- _The task_
Every line below that contains the word "lineweight" must be copied.

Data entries
Segment Open

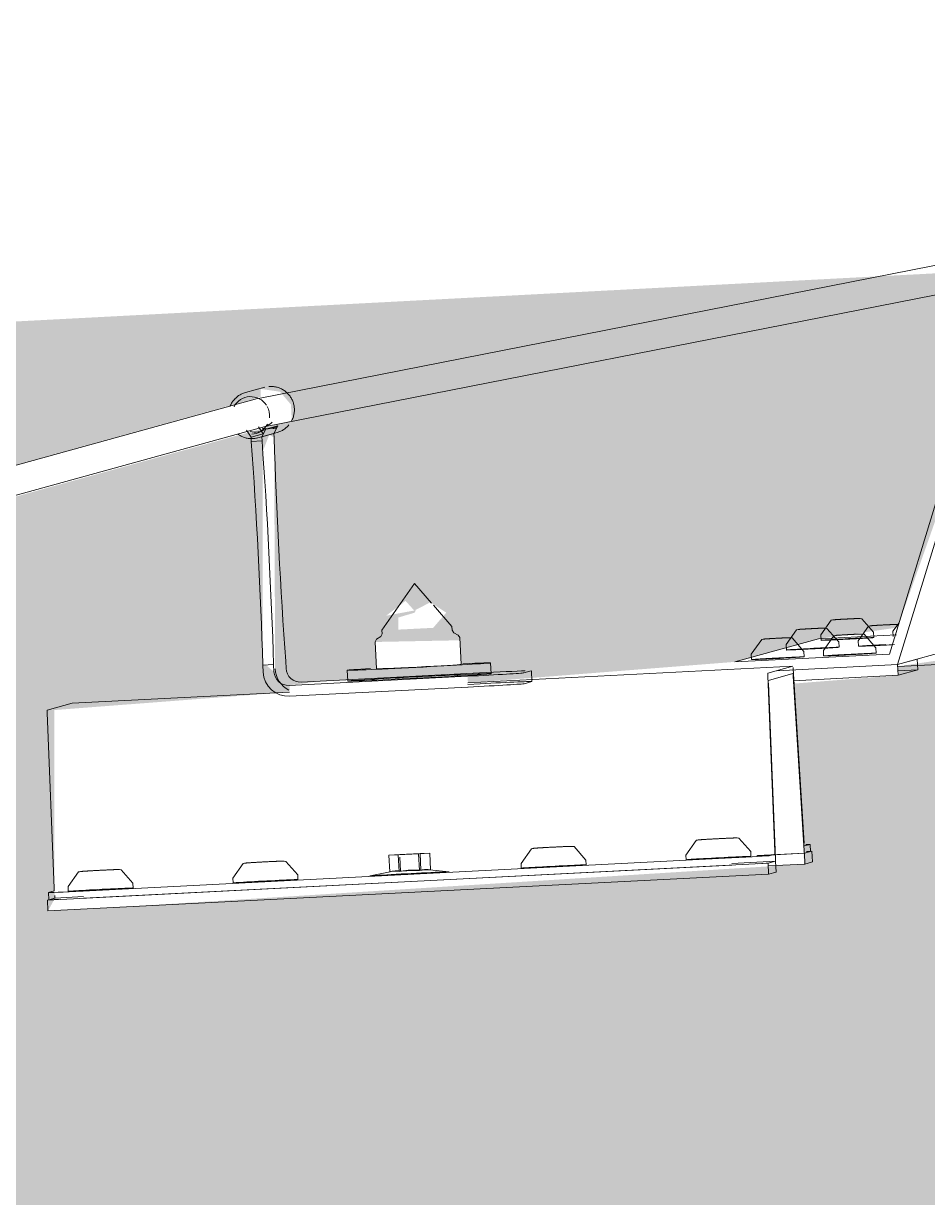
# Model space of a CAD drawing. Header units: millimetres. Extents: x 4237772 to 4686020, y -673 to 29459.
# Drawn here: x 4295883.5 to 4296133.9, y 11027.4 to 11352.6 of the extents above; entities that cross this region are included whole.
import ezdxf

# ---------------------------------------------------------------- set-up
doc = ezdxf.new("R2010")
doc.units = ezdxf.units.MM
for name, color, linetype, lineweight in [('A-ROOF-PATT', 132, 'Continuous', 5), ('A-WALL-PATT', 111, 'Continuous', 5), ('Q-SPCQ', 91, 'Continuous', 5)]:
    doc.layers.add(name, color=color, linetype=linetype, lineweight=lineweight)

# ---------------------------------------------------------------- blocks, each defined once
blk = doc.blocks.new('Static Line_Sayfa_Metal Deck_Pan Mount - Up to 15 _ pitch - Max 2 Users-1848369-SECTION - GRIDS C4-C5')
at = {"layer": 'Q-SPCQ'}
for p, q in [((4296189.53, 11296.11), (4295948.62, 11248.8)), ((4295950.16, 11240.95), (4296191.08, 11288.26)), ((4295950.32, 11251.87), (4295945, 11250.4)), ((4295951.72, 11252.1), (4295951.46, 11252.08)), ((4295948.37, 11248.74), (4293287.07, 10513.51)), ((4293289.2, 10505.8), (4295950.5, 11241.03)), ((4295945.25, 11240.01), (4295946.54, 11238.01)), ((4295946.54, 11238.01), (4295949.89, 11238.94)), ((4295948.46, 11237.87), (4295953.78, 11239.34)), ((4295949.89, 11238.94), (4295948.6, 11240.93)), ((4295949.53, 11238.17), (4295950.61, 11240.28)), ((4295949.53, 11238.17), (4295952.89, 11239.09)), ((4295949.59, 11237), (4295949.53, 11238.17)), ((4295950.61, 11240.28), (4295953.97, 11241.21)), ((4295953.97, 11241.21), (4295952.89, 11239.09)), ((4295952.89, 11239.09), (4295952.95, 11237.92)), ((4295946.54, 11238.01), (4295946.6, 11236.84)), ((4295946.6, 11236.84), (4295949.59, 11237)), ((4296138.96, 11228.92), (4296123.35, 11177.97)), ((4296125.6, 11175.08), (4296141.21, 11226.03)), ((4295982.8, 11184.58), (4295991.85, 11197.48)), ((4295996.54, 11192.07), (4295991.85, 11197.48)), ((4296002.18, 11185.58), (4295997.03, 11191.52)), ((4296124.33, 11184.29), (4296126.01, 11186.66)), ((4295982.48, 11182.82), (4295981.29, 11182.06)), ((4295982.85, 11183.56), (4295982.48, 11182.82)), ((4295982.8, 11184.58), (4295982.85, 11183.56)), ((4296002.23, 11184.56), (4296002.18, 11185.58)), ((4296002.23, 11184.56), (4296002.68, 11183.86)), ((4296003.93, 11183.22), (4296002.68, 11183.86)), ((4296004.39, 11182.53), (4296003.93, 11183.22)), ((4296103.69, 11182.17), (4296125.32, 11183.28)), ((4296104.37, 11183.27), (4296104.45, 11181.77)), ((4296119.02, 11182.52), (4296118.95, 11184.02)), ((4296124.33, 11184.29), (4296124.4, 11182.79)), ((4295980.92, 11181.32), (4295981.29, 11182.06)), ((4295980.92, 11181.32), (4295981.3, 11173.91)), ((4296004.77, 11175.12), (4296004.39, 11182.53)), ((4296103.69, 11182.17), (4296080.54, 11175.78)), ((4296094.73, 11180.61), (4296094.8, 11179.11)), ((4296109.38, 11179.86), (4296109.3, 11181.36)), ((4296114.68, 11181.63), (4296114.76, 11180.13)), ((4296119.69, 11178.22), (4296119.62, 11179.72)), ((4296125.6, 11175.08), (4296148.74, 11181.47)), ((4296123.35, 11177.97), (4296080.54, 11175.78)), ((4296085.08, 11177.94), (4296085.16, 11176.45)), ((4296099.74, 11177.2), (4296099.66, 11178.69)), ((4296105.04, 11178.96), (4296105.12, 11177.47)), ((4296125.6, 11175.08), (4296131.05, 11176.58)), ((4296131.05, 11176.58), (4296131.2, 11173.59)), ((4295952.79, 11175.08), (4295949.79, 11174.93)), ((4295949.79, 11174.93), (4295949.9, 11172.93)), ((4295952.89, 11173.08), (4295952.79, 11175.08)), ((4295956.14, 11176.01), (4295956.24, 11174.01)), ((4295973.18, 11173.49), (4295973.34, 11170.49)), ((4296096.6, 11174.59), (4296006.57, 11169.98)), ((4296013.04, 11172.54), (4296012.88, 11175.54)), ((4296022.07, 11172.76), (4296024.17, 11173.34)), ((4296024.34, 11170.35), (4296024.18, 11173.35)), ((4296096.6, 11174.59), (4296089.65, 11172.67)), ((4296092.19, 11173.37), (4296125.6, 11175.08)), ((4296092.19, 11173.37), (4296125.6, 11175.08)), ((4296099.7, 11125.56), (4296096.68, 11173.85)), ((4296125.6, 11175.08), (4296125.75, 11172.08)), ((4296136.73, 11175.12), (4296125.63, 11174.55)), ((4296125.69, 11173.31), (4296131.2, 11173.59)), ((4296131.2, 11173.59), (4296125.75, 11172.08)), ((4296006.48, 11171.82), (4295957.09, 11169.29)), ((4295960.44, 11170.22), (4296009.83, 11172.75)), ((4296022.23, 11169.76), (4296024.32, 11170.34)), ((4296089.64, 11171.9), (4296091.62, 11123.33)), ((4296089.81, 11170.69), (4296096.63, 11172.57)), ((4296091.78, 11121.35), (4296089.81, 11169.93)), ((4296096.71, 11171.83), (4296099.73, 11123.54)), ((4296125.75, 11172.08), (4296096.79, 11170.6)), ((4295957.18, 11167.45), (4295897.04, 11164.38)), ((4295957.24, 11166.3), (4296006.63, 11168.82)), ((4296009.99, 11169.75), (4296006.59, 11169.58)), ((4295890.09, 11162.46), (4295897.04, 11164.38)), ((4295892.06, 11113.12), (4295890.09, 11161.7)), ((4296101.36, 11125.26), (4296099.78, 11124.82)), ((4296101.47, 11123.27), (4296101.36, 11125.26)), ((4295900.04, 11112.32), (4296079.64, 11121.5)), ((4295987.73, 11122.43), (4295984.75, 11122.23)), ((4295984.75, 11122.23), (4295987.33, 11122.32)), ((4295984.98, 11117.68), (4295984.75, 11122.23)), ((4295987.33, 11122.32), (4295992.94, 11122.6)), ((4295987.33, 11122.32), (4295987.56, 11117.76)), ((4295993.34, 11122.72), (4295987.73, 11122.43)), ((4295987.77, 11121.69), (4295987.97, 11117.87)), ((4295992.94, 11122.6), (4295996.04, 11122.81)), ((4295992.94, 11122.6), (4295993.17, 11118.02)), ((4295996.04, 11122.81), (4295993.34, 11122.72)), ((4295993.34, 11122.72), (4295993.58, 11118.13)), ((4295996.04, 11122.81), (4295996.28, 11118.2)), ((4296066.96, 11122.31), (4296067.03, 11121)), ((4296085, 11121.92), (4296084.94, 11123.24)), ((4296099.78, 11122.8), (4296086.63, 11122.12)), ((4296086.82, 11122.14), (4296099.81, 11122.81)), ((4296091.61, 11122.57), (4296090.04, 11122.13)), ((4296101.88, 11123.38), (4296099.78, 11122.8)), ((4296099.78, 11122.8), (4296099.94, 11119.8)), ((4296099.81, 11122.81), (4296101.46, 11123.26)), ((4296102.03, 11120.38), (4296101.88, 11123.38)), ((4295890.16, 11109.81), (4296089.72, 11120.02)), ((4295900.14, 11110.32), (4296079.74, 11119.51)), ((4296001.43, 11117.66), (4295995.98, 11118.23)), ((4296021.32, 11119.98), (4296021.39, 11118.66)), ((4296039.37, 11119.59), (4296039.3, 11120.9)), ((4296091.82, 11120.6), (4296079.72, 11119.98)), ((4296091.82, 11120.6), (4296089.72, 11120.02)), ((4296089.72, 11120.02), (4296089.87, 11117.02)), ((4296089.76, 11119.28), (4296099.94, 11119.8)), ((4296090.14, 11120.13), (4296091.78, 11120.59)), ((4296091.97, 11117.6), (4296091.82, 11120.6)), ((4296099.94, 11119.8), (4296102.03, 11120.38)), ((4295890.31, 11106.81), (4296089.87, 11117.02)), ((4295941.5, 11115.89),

Segment Closed

- _Response_
for name, color, linetype, lineweight in [('A-ROOF-PATT', 132, 'Continuous', 5), ('A-WALL-PATT', 111, 'Continuous', 5), ('Q-SPCQ', 91, 'Continuous', 5)]:
    doc.layers.add(name, color=color, linetype=linetype, lineweight=lineweight)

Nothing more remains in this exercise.